18. BEYBEY South Beach / Sunset Harbour
BeyBey feels like your most stylish friend’s home, the kind where everyone drifts toward the kitchen and ends up staying all night. The sultry space encourages the same easy gathering energy as a dinner party in progress. From the charcoal and wood-fired kitchen comes a globe-spanning menu rooted in Lebanese and Yucatán traditions, with smoke, spice, and flame shaping nearly every plate.

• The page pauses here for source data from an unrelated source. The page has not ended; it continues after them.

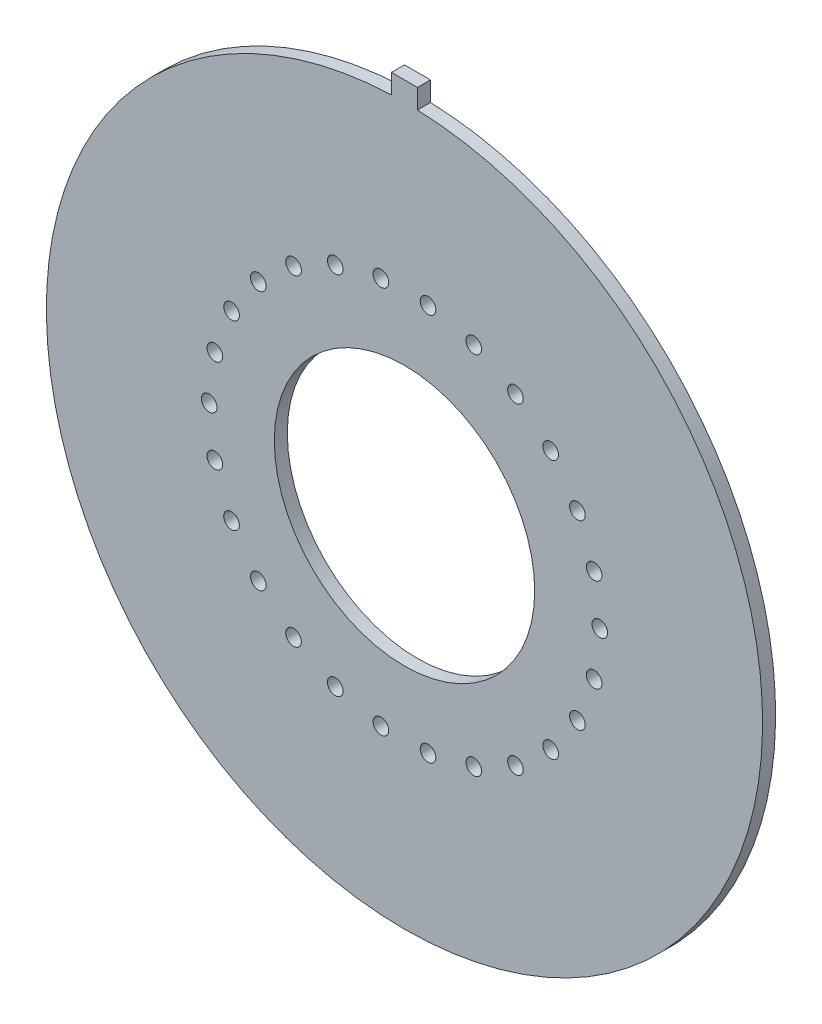
ISO-10303-21;
HEADER;
FILE_DESCRIPTION(('STEP AP214'),'2;1');
FILE_NAME('part.step','',(''),(''),'','','');
FILE_SCHEMA(('AUTOMOTIVE_DESIGN { 1 0 10303 214 1 1 1 1 }'));
ENDSEC;
DATA;
#1=APPLICATION_CONTEXT('core data for automotive mechanical design processes');
#2=APPLICATION_PROTOCOL_DEFINITION('international standard','automotive_design',2000,#1);
#3=PRODUCT_CONTEXT('',#1,'mechanical');
#4=PRODUCT('Part','Part','',(#3));
#5=PRODUCT_RELATED_PRODUCT_CATEGORY('part','',(#4));
#6=PRODUCT_DEFINITION_FORMATION('','',#4);
#7=PRODUCT_DEFINITION_CONTEXT('part definition',#1,'design');
#8=PRODUCT_DEFINITION('design','',#6,#7);
#9=PRODUCT_DEFINITION_SHAPE('','',#8);
#10=(LENGTH_UNIT() NAMED_UNIT(*) SI_UNIT(.MILLI.,.METRE.));
#11=(NAMED_UNIT(*) PLANE_ANGLE_UNIT() SI_UNIT($,.RADIAN.));
#12=(NAMED_UNIT(*) SI_UNIT($,.STERADIAN.) SOLID_ANGLE_UNIT());
#13=UNCERTAINTY_MEASURE_WITH_UNIT(LENGTH_MEASURE(1.E-05),#10,'distance_accuracy_value','');
#14=(GEOMETRIC_REPRESENTATION_CONTEXT(3) GLOBAL_UNCERTAINTY_ASSIGNED_CONTEXT((#13)) GLOBAL_UNIT_ASSIGNED_CONTEXT((#10,
#11,#12)) REPRESENTATION_CONTEXT('',''));
#15=CARTESIAN_POINT('',(0.,0.,0.));
#16=DIRECTION('',(0.,0.,1.));
#17=DIRECTION('',(1.,0.,0.));
#18=AXIS2_PLACEMENT_3D('',#15,#16,#17);
#19=CARTESIAN_POINT('',(0.,0.,1.));
#20=DIRECTION('',(0.,0.,1.));
#21=DIRECTION('',(1.,0.,0.));
#22=AXIS2_PLACEMENT_3D('',#19,#20,#21);
#23=PLANE('',#22);
#24=CARTESIAN_POINT('',(13.2818403847981,6.97084758065654,1.));
#25=DIRECTION('',(0.,0.,1.));
#26=DIRECTION('',(1.,0.,0.));
#27=AXIS2_PLACEMENT_3D('',#24,#25,#26);
#28=CIRCLE('',#27,0.600000000000002);
#29=CARTESIAN_POINT('',(13.8818403847981,6.97084758065654,1.));
#30=VERTEX_POINT('',#29);
#31=EDGE_CURVE('E258',#30,#30,#28,.T.);
#32=ORIENTED_EDGE('',*,*,#31,.F.);
#33=EDGE_LOOP('',(#32));
#34=FACE_BOUND('',#33,.T.);
#35=CARTESIAN_POINT('',(8.52097120096733,12.3447579884048,1.));
#36=DIRECTION('',(0.,0.,1.));
#37=DIRECTION('',(1.,0.,0.));
#38=AXIS2_PLACEMENT_3D('',#35,#36,#37);
#39=CIRCLE('',#38,0.6);
#40=CARTESIAN_POINT('',(9.12097120096733,12.3447579884048,1.));
#41=VERTEX_POINT('',#40);
#42=EDGE_CURVE('E246',#41,#41,#39,.T.);
#43=ORIENTED_EDGE('',*,*,#42,.F.);
#44=EDGE_LOOP('',(#43));
#45=FACE_BOUND('',#44,.T.);
#46=CARTESIAN_POINT('',(1.80805020382983,14.8906331114708,1.));
#47=DIRECTION('',(0.,0.,1.));
#48=DIRECTION('',(1.,0.,0.));
#49=AXIS2_PLACEMENT_3D('',#46,#47,#48);
#50=CIRCLE('',#49,0.599999999999963);
#51=CARTESIAN_POINT('',(2.4080502038298,14.8906331114708,1.));
#52=VERTEX_POINT('',#51);
#53=EDGE_CURVE('E234',#52,#52,#50,.T.);
#54=ORIENTED_EDGE('',*,*,#53,.F.);
#55=EDGE_LOOP('',(#54));
#56=FACE_BOUND('',#55,.T.);
#57=CARTESIAN_POINT('',(-5.31907330563804,14.0252436402812,1.));
#58=DIRECTION('',(0.,0.,1.));
#59=DIRECTION('',(1.,0.,0.));
#60=AXIS2_PLACEMENT_3D('',#57,#58,#59);
#61=CIRCLE('',#60,0.599999999999959);
#62=CARTESIAN_POINT('',(-4.71907330563808,14.0252436402812,1.));
#63=VERTEX_POINT('',#62);
#64=EDGE_CURVE('E222',#63,#63,#61,.T.);
#65=ORIENTED_EDGE('',*,*,#64,.F.);
#66=EDGE_LOOP('',(#65));
#67=FACE_BOUND('',#66,.T.);
#68=CARTESIAN_POINT('',(-11.2276612225665,9.94683987361192,1.));
#69=DIRECTION('',(0.,0.,1.));
#70=DIRECTION('',(1.,0.,0.));
#71=AXIS2_PLACEMENT_3D('',#68,#69,#70);
#72=CIRCLE('',#71,0.599999999999968);
#73=CARTESIAN_POINT('',(-10.6276612225666,9.94683987361192,1.));
#74=VERTEX_POINT('',#73);
#75=EDGE_CURVE('E210',#74,#74,#72,.T.);
#76=ORIENTED_EDGE('',*,*,#75,.F.);
#77=EDGE_LOOP('',(#76));
#78=FACE_BOUND('',#77,.T.);
#79=CARTESIAN_POINT('',(-14.5641272613908,3.58973496431336,1.));
#80=DIRECTION('',(0.,0.,1.));
#81=DIRECTION('',(1.,0.,0.));
#82=AXIS2_PLACEMENT_3D('',#79,#80,#81);
#83=CIRCLE('',#82,0.599999999999977);
#84=CARTESIAN_POINT('',(-13.9641272613908,3.58973496431336,1.));
#85=VERTEX_POINT('',#84);
#86=EDGE_CURVE('E198',#85,#85,#83,.T.);
#87=ORIENTED_EDGE('',*,*,#86,.F.);
#88=EDGE_LOOP('',(#87));
#89=FACE_BOUND('',#88,.T.);
#90=CARTESIAN_POINT('',(-14.5641272613908,-3.58973496431337,1.));
#91=DIRECTION('',(0.,0.,1.));
#92=DIRECTION('',(1.,0.,0.));
#93=AXIS2_PLACEMENT_3D('',#90,#91,#92);
#94=CIRCLE('',#93,0.599999999999973);
#95=CARTESIAN_POINT('',(-13.9641272613908,-3.58973496431337,1.));
#96=VERTEX_POINT('',#95);
#97=EDGE_CURVE('E186',#96,#96,#94,.T.);
#98=ORIENTED_EDGE('',*,*,#97,.F.);
#99=EDGE_LOOP('',(#98));
#100=FACE_BOUND('',#99,.T.);
#101=CARTESIAN_POINT('',(-11.2276612225665,-9.94683987361193,1.));
#102=DIRECTION('',(0.,0.,1.));
#103=DIRECTION('',(1.,0.,0.));
#104=AXIS2_PLACEMENT_3D('',#101,#102,#103);
#105=CIRCLE('',#104,0.599999999999982);
#106=CARTESIAN_POINT('',(-10.6276612225665,-9.94683987361193,1.));
#107=VERTEX_POINT('',#106);
#108=EDGE_CURVE('E174',#107,#107,#105,.T.);
#109=ORIENTED_EDGE('',*,*,#108,.F.);
#110=EDGE_LOOP('',(#109));
#111=FACE_BOUND('',#110,.T.);
#112=CARTESIAN_POINT('',(-5.31907330563803,-14.0252436402812,1.));
#113=DIRECTION('',(0.,0.,1.));
#114=DIRECTION('',(1.,0.,0.));
#115=AXIS2_PLACEMENT_3D('',#112,#113,#114);
#116=CIRCLE('',#115,0.599999999999981);
#117=CARTESIAN_POINT('',(-4.71907330563805,-14.0252436402812,1.));
#118=VERTEX_POINT('',#117);
#119=EDGE_CURVE('E162',#118,#118,#116,.T.);
#120=ORIENTED_EDGE('',*,*,#119,.F.);
#121=EDGE_LOOP('',(#120));
#122=FACE_BOUND('',#121,.T.);
#123=CARTESIAN_POINT('',(1.80805020382985,-14.8906331114708,1.));
#124=DIRECTION('',(0.,0.,1.));
#125=DIRECTION('',(1.,0.,0.));
#126=AXIS2_PLACEMENT_3D('',#123,#124,#125);
#127=CIRCLE('',#126,0.599999999999988);
#128=CARTESIAN_POINT('',(2.40805020382984,-14.8906331114708,1.));
#129=VERTEX_POINT('',#128);
#130=EDGE_CURVE('E150',#129,#129,#127,.T.);
#131=ORIENTED_EDGE('',*,*,#130,.F.);
#132=EDGE_LOOP('',(#131));
#133=FACE_BOUND('',#132,.T.);
#134=CARTESIAN_POINT('',(8.52097120096734,-12.3447579884048,1.));
#135=DIRECTION('',(0.,0.,1.));
#136=DIRECTION('',(1.,0.,0.));
#137=AXIS2_PLACEMENT_3D('',#134,#135,#136);
#138=CIRCLE('',#137,0.600000000000002);
#139=CARTESIAN_POINT('',(9.12097120096734,-12.3447579884048,1.));
#140=VERTEX_POINT('',#139);
#141=EDGE_CURVE('E138',#140,#140,#138,.T.);
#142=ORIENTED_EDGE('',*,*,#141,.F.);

Music plays a real role here too, curated with intention and treated as an ingredient rather than background noise. The Living Room becomes the place to linger, as it transforms into a listening lounge with a new musical mood each night.
19. Kaori Brickell
Kaori stands out in buzzy Brickell by keeping its execution disciplined. The menu centers on modern Asian cooking, pulling from Japanese, Korean, and Southeast Asian influences with dishes like carefully balanced crudos, dumplings, and composed plates built around sauces, spice, and texture. But the range feels intentional rather than broad. The kitchen isn’t chasing spectacle; it’s cooking with control. After dinner, the Listening Bar adds another layer, offering a Hi-Fi quality sound system, thoughtful cocktails, small plates, and a relaxed place to settle in without leaving the building.
20. MIKA Coral Gables
In a city awash in Italian restaurants, MIKA makes waves with coastal seafood. Chef Michael White — six Michelin stars earned across a career defined by Italian cooking — brings that same discipline to the polished Plaza Coral Gables, interpreted through the unhurried glamour of the French and Italian Riviera. Earth-toned walls glow under warm light, olive trees anchor the room, and the pace slows in a way that feels genuinely earned. The lobster burrata has become a fast favorite among regulars, while the spaghetti with lemon butter sauce, sweet blue crab, and caviar is so precisely balanced you won’t want to share it. Weekday aperitivo hour and a newly debuted Sunday brunch make MIKA something rarer still — a fine dining kitchen that knows how to relax.